There’s been much discussion of late on the accuracy and legitimacy of FiveThirtyEight. I’ve been a fan of FiveThirtyEight since just after it got started, but I find myself having some mixed feelings about the topic.
Here are three articles that are central to many of the arguments being made:
1) David Brooks, who works with FiveThirtyEight founder Nate Silver at the NY Times, writes of the futility of watching and using polls. His implications are twofold: that as an individual it’s a waste of time to track polls, and that it’s impossible to predict what will happen in a presidential election because it’s too complex (and “even experts with fancy computer models are terrible at predicting human behavior”).
2) Dylan Byers at Politico argues that Silver is a biased hack who throws around numbers that don’t make sense.
3) Ezra Klein at the Washington Post rebuts Byers, arguing that the betting markets clearly favor Obama, and that a bettor could use a better system to beat them… but only if a better system existed. Moreover, he makes the point that, unlike Silver, most pundits aren’t accountable, and that their main goal is traffic and/or attention, not accuracy. Hence he gives Silver a tentative endorsement.
I like elements of what Brooks, Klein, and Silver are saying and doing. On the other hand, I think Byers doesn’t understand probability and is completely full of crap.
My feelings can be summed up as follows:
1) As both Klein and Brooks point out, predicting elections is hard. As Klein notes, Silver doesn’t publish his formula (in his shoes, I wouldn’t either), so it’s tough to say definitively how good it is. There are a limited number of historical examples of presidential elections, so Silver must cleverly combine the results of different types of elections (governor, Senator) in a way that effectively multiplies the sample size by a lot. Does this work? Probably to some extent, but since there aren’t many past elections to test his methodology against, it’s tough to know for sure. And the results of this election will neither confirm nor refute his methodology (even though some will claim otherwise). As I’ve written in the past, big data trumps small data, and elections are small data.
2) The world is becoming more quantifiable and accountability-driven. At some point, that means that pundits like Byers are likely to get left behind.
3) Brooks’ comment about computer models doing a poor job at predicting human behavior suggests that he doesn’t really understand the difference between different types of models. There are certain situations where behavior can with near certainty be very well predicted: the same kind of kids who eat the marshmallow today will eat it tomorrow, and a predictive model can be quite accurate. On the other hand, a model that has implicit assumptions about the surrounding world — who is going to repay their mortgage — can be a very different story. It’s debatable where on this gradient an election falls.

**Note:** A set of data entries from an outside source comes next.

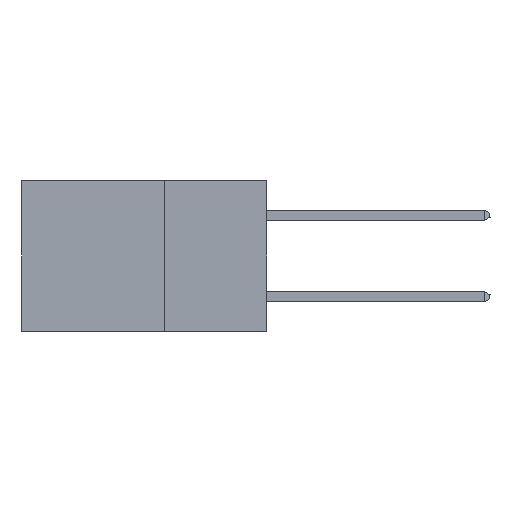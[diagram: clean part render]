
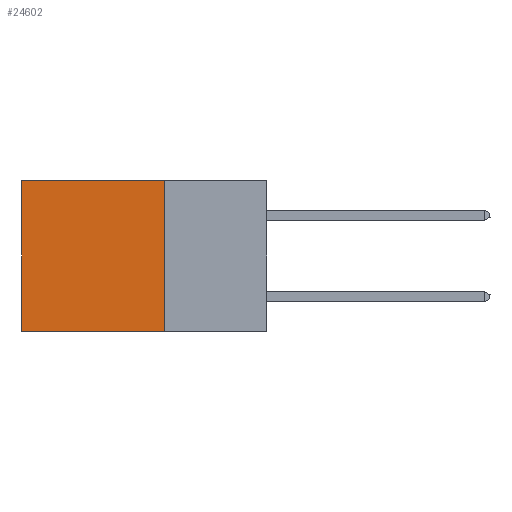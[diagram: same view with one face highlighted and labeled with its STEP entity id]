
A CAD part, left-side view. The second image highlights one B-rep face of the part: STEP entity #24602.
In plain terms, the highlighted planar face has unit normal (-1, 0, 0).
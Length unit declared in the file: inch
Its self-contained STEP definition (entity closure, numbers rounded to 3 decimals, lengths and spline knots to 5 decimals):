
#534 = EDGE_CURVE ( 'NONE', #13739, #16525, #32955, .T. ) ;
#2148 = DIRECTION ( 'NONE',  ( 0., 0., -1. ) ) ;
#2479 = DIRECTION ( 'NONE',  ( 0., 0., -1. ) ) ;
#3390 = DIRECTION ( 'NONE',  ( 0., 1., 0. ) ) ;
#8417 = CARTESIAN_POINT ( 'NONE',  ( 0.2875, 0.6, 0. ) ) ;
#9403 = AXIS2_PLACEMENT_3D ( 'NONE', #19149, #15584, #2479 ) ;
#9864 = EDGE_CURVE ( 'NONE', #23453, #16525, #13088, .T. ) ;
#10249 = CARTESIAN_POINT ( 'NONE',  ( 0.2875, 0.25, 0. ) ) ;
#10642 = VECTOR ( 'NONE', #12633, 39.37008 ) ;
#12633 = DIRECTION ( 'NONE',  ( 0., 1., 0. ) ) ;
#13088 = LINE ( 'NONE', #8417, #23168 ) ;
#13213 = EDGE_LOOP ( 'NONE', ( #23382, #16811, #35172, #29277 ) ) ;
#13739 = VERTEX_POINT ( 'NONE', #31877 ) ;
#14874 = EDGE_CURVE ( 'NONE', #38300, #23453, #29281, .T. ) ;
#15584 = DIRECTION ( 'NONE',  ( 1., 0., 0. ) ) ;
#16525 = VERTEX_POINT ( 'NONE', #26845 ) ;
#16811 = ORIENTED_EDGE ( 'NONE', *, *, #534, .F. ) ;
#19149 = CARTESIAN_POINT ( 'NONE',  ( 0.2875, 0.25, 0. ) ) ;
#21588 = VECTOR ( 'NONE', #22875, 39.37008 ) ;
#22875 = DIRECTION ( 'NONE',  ( 0., 0., -1. ) ) ;
#23168 = VECTOR ( 'NONE', #2148, 39.37008 ) ;
#23382 = ORIENTED_EDGE ( 'NONE', *, *, #9864, .T. ) ;
#23453 = VERTEX_POINT ( 'NONE', #36629 ) ;
#24602 = ADVANCED_FACE ( 'NONE', ( #30479 ), #33254, .F. ) ;
#26845 = CARTESIAN_POINT ( 'NONE',  ( 0.2875, 0.6, -0.37 ) ) ;
#26944 = EDGE_CURVE ( 'NONE', #38300, #13739, #32287, .T. ) ;
#29277 = ORIENTED_EDGE ( 'NONE', *, *, #14874, .T. ) ;
#29281 = LINE ( 'NONE', #40850, #30834 ) ;
#30479 = FACE_OUTER_BOUND ( 'NONE', #13213, .T. ) ;
#30744 = CARTESIAN_POINT ( 'NONE',  ( 0.2875, 0.25, -0.37 ) ) ;
#30834 = VECTOR ( 'NONE', #3390, 39.37008 ) ;
#31877 = CARTESIAN_POINT ( 'NONE',  ( 0.2875, 0.25, -0.37 ) ) ;
#32287 = LINE ( 'NONE', #43262, #21588 ) ;
#32955 = LINE ( 'NONE', #30744, #10642 ) ;
#33254 = PLANE ( 'NONE',  #9403 ) ;
#35172 = ORIENTED_EDGE ( 'NONE', *, *, #26944, .F. ) ;
#36629 = CARTESIAN_POINT ( 'NONE',  ( 0.2875, 0.6, 0. ) ) ;
#38300 = VERTEX_POINT ( 'NONE', #10249 ) ;
#40850 = CARTESIAN_POINT ( 'NONE',  ( 0.2875, 0.25, 0. ) ) ;
#43262 = CARTESIAN_POINT ( 'NONE',  ( 0.2875, 0.25, 0. ) ) ;
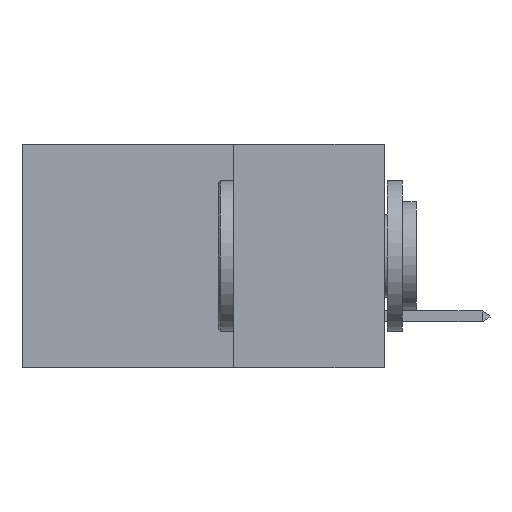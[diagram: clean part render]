
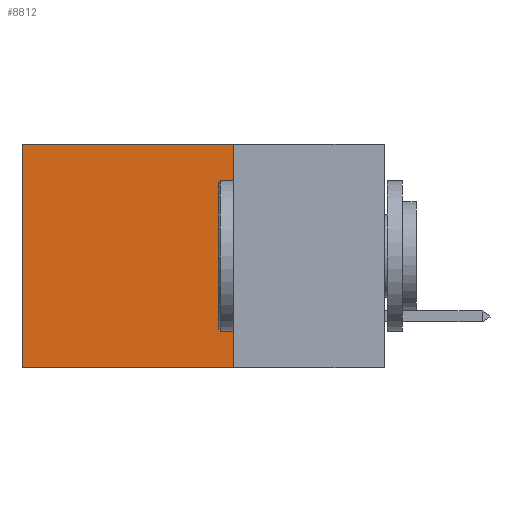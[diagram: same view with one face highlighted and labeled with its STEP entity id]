
A CAD part, left-side view. The second image highlights one B-rep face of the part: STEP entity #8812.
In plain terms, the highlighted planar face has unit normal (-1, 0, 0).
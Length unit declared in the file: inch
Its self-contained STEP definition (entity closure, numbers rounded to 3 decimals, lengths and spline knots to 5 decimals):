
#575 = FACE_OUTER_BOUND ( 'NONE', #25497, .T. ) ;
#1345 = LINE ( 'NONE', #24806, #29734 ) ;
#4348 = VERTEX_POINT ( 'NONE', #21351 ) ;
#6562 = VERTEX_POINT ( 'NONE', #10152 ) ;
#8514 = DIRECTION ( 'NONE',  ( 1., 0., 0. ) ) ;
#8728 = LINE ( 'NONE', #14446, #15181 ) ;
#8812 = ADVANCED_FACE ( 'NONE', ( #575 ), #23076, .F. ) ;
#9314 = EDGE_CURVE ( 'NONE', #27072, #18426, #24241, .T. ) ;
#10152 = CARTESIAN_POINT ( 'NONE',  ( 0.2875, 0.6, -0.37 ) ) ;
#10213 = DIRECTION ( 'NONE',  ( 0., 1., 0. ) ) ;
#10653 = EDGE_CURVE ( 'NONE', #27072, #4348, #15814, .T. ) ;
#12275 = AXIS2_PLACEMENT_3D ( 'NONE', #15733, #8514, #25604 ) ;
#12837 = CARTESIAN_POINT ( 'NONE',  ( 0.2875, 0.25, 0. ) ) ;
#14446 = CARTESIAN_POINT ( 'NONE',  ( 0.2875, 0.6, 0. ) ) ;
#15181 = VECTOR ( 'NONE', #26678, 39.37008 ) ;
#15733 = CARTESIAN_POINT ( 'NONE',  ( 0.2875, 0.25, 0. ) ) ;
#15814 = LINE ( 'NONE', #20305, #23052 ) ;
#18426 = VERTEX_POINT ( 'NONE', #19134 ) ;
#19134 = CARTESIAN_POINT ( 'NONE',  ( 0.2875, 0.6, 0. ) ) ;
#20305 = CARTESIAN_POINT ( 'NONE',  ( 0.2875, 0.25, 0. ) ) ;
#21351 = CARTESIAN_POINT ( 'NONE',  ( 0.2875, 0.25, -0.37 ) ) ;
#22268 = EDGE_CURVE ( 'NONE', #4348, #6562, #1345, .T. ) ;
#22436 = ORIENTED_EDGE ( 'NONE', *, *, #9314, .T. ) ;
#23052 = VECTOR ( 'NONE', #30162, 39.37008 ) ;
#23076 = PLANE ( 'NONE',  #12275 ) ;
#24241 = LINE ( 'NONE', #12837, #25831 ) ;
#24653 = ORIENTED_EDGE ( 'NONE', *, *, #27482, .T. ) ;
#24806 = CARTESIAN_POINT ( 'NONE',  ( 0.2875, 0.25, -0.37 ) ) ;
#25497 = EDGE_LOOP ( 'NONE', ( #24653, #30934, #26543, #22436 ) ) ;
#25604 = DIRECTION ( 'NONE',  ( 0., 0., -1. ) ) ;
#25831 = VECTOR ( 'NONE', #27522, 39.37008 ) ;
#26543 = ORIENTED_EDGE ( 'NONE', *, *, #10653, .F. ) ;
#26678 = DIRECTION ( 'NONE',  ( 0., 0., -1. ) ) ;
#27072 = VERTEX_POINT ( 'NONE', #27665 ) ;
#27482 = EDGE_CURVE ( 'NONE', #18426, #6562, #8728, .T. ) ;
#27522 = DIRECTION ( 'NONE',  ( 0., 1., 0. ) ) ;
#27665 = CARTESIAN_POINT ( 'NONE',  ( 0.2875, 0.25, 0. ) ) ;
#29734 = VECTOR ( 'NONE', #10213, 39.37008 ) ;
#30162 = DIRECTION ( 'NONE',  ( 0., 0., -1. ) ) ;
#30934 = ORIENTED_EDGE ( 'NONE', *, *, #22268, .F. ) ;
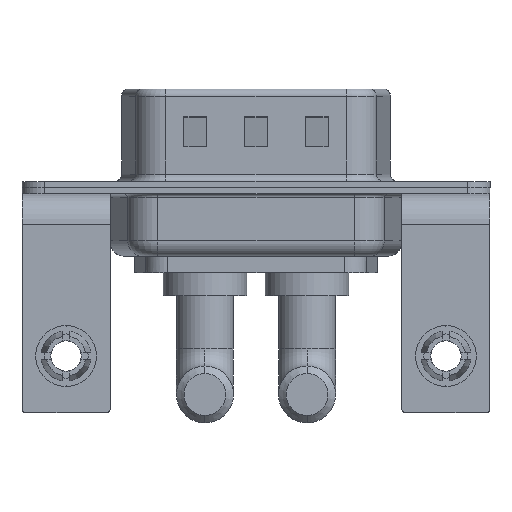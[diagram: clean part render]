
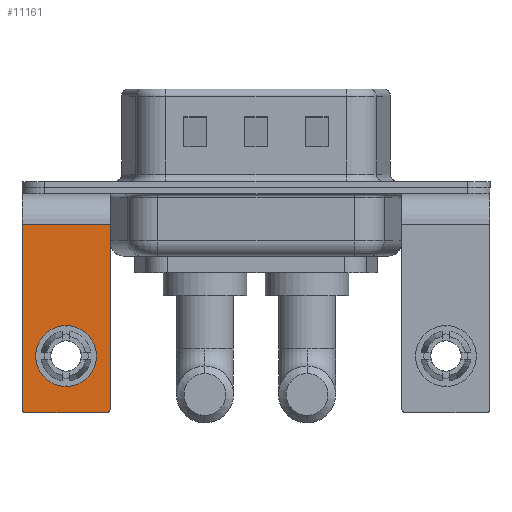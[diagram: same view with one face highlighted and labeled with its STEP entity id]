
A CAD part, front view. The second image highlights one B-rep face of the part: STEP entity #11161.
In plain terms, the highlighted planar face has unit normal (0, -1, 0).
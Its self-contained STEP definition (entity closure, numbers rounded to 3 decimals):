
#40 = DIRECTION ( 'NONE',  ( 0., -1., 0. ) ) ;
#93 = EDGE_CURVE ( 'NONE', #13323, #7953, #10092, .T. ) ;
#137 = EDGE_LOOP ( 'NONE', ( #12833, #518, #10049, #10197, #8628, #1085 ) ) ;
#518 = ORIENTED_EDGE ( 'NONE', *, *, #4802, .T. ) ;
#623 = CIRCLE ( 'NONE', #10217, 2. ) ;
#975 = VERTEX_POINT ( 'NONE', #13462 ) ;
#1085 = ORIENTED_EDGE ( 'NONE', *, *, #2317, .T. ) ;
#1679 = CARTESIAN_POINT ( 'NONE',  ( -2.9, -6.25, -2.4 ) ) ;
#1826 = AXIS2_PLACEMENT_3D ( 'NONE', #4165, #40, #13400 ) ;
#2317 = EDGE_CURVE ( 'NONE', #16687, #11250, #6060, .T. ) ;
#2435 = DIRECTION ( 'NONE',  ( 0., 1., 0. ) ) ;
#2728 = ORIENTED_EDGE ( 'NONE', *, *, #4155, .T. ) ;
#3671 = DIRECTION ( 'NONE',  ( -1., 0., 0. ) ) ;
#3805 = DIRECTION ( 'NONE',  ( 0., 0., -1. ) ) ;
#3917 = VECTOR ( 'NONE', #3805, 1000. ) ;
#3960 = EDGE_CURVE ( 'NONE', #11250, #7470, #14561, .T. ) ;
#4058 = CARTESIAN_POINT ( 'NONE',  ( -2.65, -6.25, -14.8 ) ) ;
#4155 = EDGE_CURVE ( 'NONE', #975, #10983, #623, .T. ) ;
#4165 = CARTESIAN_POINT ( 'NONE',  ( -2.65, -6.25, -14.55 ) ) ;
#4507 = DIRECTION ( 'NONE',  ( 0., -1., 0. ) ) ;
#4802 = EDGE_CURVE ( 'NONE', #7470, #7953, #7571, .T. ) ;
#5209 = CARTESIAN_POINT ( 'NONE',  ( 2.9, -6.25, -14.55 ) ) ;
#5472 = LINE ( 'NONE', #12140, #5945 ) ;
#5610 = FACE_OUTER_BOUND ( 'NONE', #137, .T. ) ;
#5787 = EDGE_LOOP ( 'NONE', ( #11942, #2728 ) ) ;
#5945 = VECTOR ( 'NONE', #10683, 1000. ) ;
#6060 = LINE ( 'NONE', #11536, #15765 ) ;
#6511 = CIRCLE ( 'NONE', #16076, 2. ) ;
#7217 = EDGE_CURVE ( 'NONE', #13323, #12344, #14725, .T. ) ;
#7241 = DIRECTION ( 'NONE',  ( -1., 0., 0. ) ) ;
#7470 = VERTEX_POINT ( 'NONE', #12958 ) ;
#7571 = CIRCLE ( 'NONE', #1826, 0.25 ) ;
#7766 = CARTESIAN_POINT ( 'NONE',  ( 0., -6.25, -11.07 ) ) ;
#7953 = VERTEX_POINT ( 'NONE', #4058 ) ;
#8401 = VECTOR ( 'NONE', #3671, 1000. ) ;
#8628 = ORIENTED_EDGE ( 'NONE', *, *, #14490, .F. ) ;
#9719 = DIRECTION ( 'NONE',  ( 0., 0., 1. ) ) ;
#10049 = ORIENTED_EDGE ( 'NONE', *, *, #93, .F. ) ;
#10092 = LINE ( 'NONE', #12478, #8401 ) ;
#10159 = DIRECTION ( 'NONE',  ( 0., 0., 1. ) ) ;
#10197 = ORIENTED_EDGE ( 'NONE', *, *, #7217, .T. ) ;
#10217 = AXIS2_PLACEMENT_3D ( 'NONE', #7766, #13962, #10266 ) ;
#10266 = DIRECTION ( 'NONE',  ( 0., 0., 1. ) ) ;
#10300 = CARTESIAN_POINT ( 'NONE',  ( -2.9, -6.25, -2.4 ) ) ;
#10371 = AXIS2_PLACEMENT_3D ( 'NONE', #16228, #4507, #9719 ) ;
#10683 = DIRECTION ( 'NONE',  ( 0., 0., -1. ) ) ;
#10983 = VERTEX_POINT ( 'NONE', #15387 ) ;
#11083 = AXIS2_PLACEMENT_3D ( 'NONE', #12203, #14588, #13407 ) ;
#11130 = CARTESIAN_POINT ( 'NONE',  ( 2.65, -6.25, -14.8 ) ) ;
#11161 = ADVANCED_FACE ( 'NONE', ( #12054, #5610 ), #14516, .F. ) ;
#11250 = VERTEX_POINT ( 'NONE', #1679 ) ;
#11536 = CARTESIAN_POINT ( 'NONE',  ( 2.9, -6.25, -2.4 ) ) ;
#11942 = ORIENTED_EDGE ( 'NONE', *, *, #15136, .T. ) ;
#12054 = FACE_BOUND ( 'NONE', #5787, .T. ) ;
#12140 = CARTESIAN_POINT ( 'NONE',  ( 2.9, -6.25, -2.4 ) ) ;
#12203 = CARTESIAN_POINT ( 'NONE',  ( 2.9, -6.25, -2.4 ) ) ;
#12344 = VERTEX_POINT ( 'NONE', #5209 ) ;
#12478 = CARTESIAN_POINT ( 'NONE',  ( 2.9, -6.25, -14.8 ) ) ;
#12833 = ORIENTED_EDGE ( 'NONE', *, *, #3960, .T. ) ;
#12958 = CARTESIAN_POINT ( 'NONE',  ( -2.9, -6.25, -14.55 ) ) ;
#13323 = VERTEX_POINT ( 'NONE', #11130 ) ;
#13400 = DIRECTION ( 'NONE',  ( 0., 0., 1. ) ) ;
#13407 = DIRECTION ( 'NONE',  ( 0., 0., 1. ) ) ;
#13462 = CARTESIAN_POINT ( 'NONE',  ( 0., -6.25, -9.07 ) ) ;
#13962 = DIRECTION ( 'NONE',  ( 0., 1., 0. ) ) ;
#14156 = CARTESIAN_POINT ( 'NONE',  ( 0., -6.25, -11.07 ) ) ;
#14490 = EDGE_CURVE ( 'NONE', #16687, #12344, #5472, .T. ) ;
#14516 = PLANE ( 'NONE',  #11083 ) ;
#14545 = CARTESIAN_POINT ( 'NONE',  ( 2.9, -6.25, -2.4 ) ) ;
#14561 = LINE ( 'NONE', #10300, #3917 ) ;
#14588 = DIRECTION ( 'NONE',  ( 0., 1., 0. ) ) ;
#14725 = CIRCLE ( 'NONE', #10371, 0.25 ) ;
#15136 = EDGE_CURVE ( 'NONE', #10983, #975, #6511, .T. ) ;
#15387 = CARTESIAN_POINT ( 'NONE',  ( 0., -6.25, -13.07 ) ) ;
#15765 = VECTOR ( 'NONE', #7241, 1000. ) ;
#16076 = AXIS2_PLACEMENT_3D ( 'NONE', #14156, #2435, #10159 ) ;
#16228 = CARTESIAN_POINT ( 'NONE',  ( 2.65, -6.25, -14.55 ) ) ;
#16687 = VERTEX_POINT ( 'NONE', #14545 ) ;
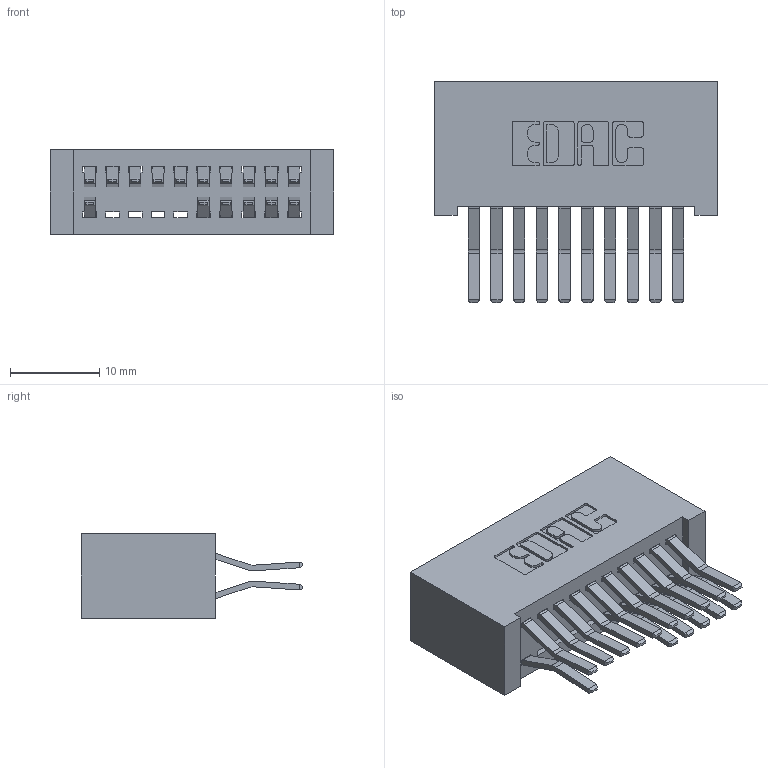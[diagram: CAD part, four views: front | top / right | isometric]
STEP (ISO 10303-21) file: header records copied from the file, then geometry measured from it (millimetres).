
FILE_DESCRIPTION (( 'STEP AP203' ), '1' );
FILE_NAME ('392-020-560-201.STEP', '2018-08-15T07:27:40', ( '' ), ( '' ), 'SwSTEP 2.0', 'SolidWorks 2016', '' );
FILE_SCHEMA (( 'CONFIG_CONTROL_DESIGN' ));
Length unit declared in the file: inch
Products named in the file (3): 342 Part_Lugless; 345-292-001_560 Tail; 392-020-560-201
Assembly tree (17 placements, depth 2):
  392-020-560-201
    342 Part_Lugless
    345-292-001_560 Tail  x16
Bounding box: 31.65 x 24.78 x 9.4 mm (x, y, z)
Volume: 3200.7 mm3; surface area: 4920.6 mm2
Topology: 17 solids, 17 shells, 990 faces, 2935 edges, 1934 vertices
Faces by surface type: plane 662, cylinder 328
Entity records: 10123 total; most frequent: CARTESIAN_POINT 1730, ORIENTED_EDGE 1670, DIRECTION 1527, EDGE_CURVE 835, LINE 711, VECTOR 711, VERTEX_POINT 554, AXIS2_PLACEMENT_3D 408

4) I share some of Brooks’ concern about people (like me!) wasting time reading about polls. Silver brings a much needed rigor to the poll-watching, making it more intelligent. But ultimately, reading FiveThirtyEight is still mostly about “fast news” and addictive news consumption. I can read a few hundred words every day, and all I get out of it is a slightly better understanding of the horse race (there’s a great chance that Ohio is the deciding state!)
As both a data guy and someone with a vested interest in good journalism, that seems like a bit of a waste. Nate Silver’s a talented and resourceful data guy/journalist, and he’s almost exclusively focused on fast news-update me right now-horse race journalism.
Thanks to a few twists of fate, I sit on a panel that awards an investigative journalism prize (the Goldsmith Prize). Being on that panel, I read over a hundred “slow news” investigative stories from around the U.S. Every year, I see more and more data-centered reporting. That happens because additional public data sets become available and journalists (slowly) become more data-savvy. The end result is more good stories like this and this.
These big investigative reports — slow news — can be very valuable to our democracy. But historically, many such reports have been anecdotal and lacking in rigor. That’s changing: the Las Vegas Sun story on health care was wonderful in its depiction of individuals’ tales, but also painted a solid quantitative picture.
Each year, in spite of newsroom cuts, the public seems to get more and more stories combining slow news with data-driven rigor. That’s great for society, but it’s happening more slowly than it could be.
Hence my reaction to Silver is two-fold. On one hand, I applaud him for his statistical rigor towards a topic that’s too long been the domain of those who can speak loudest. I hope it serves as a model for others working in a variety of fields.
On the other hand, I question whether spending time on fast news like election coverage is the best use of his talent. I hope to see more and more folks like Nate Silver applying themselves to the deeper but slower news stories of our day.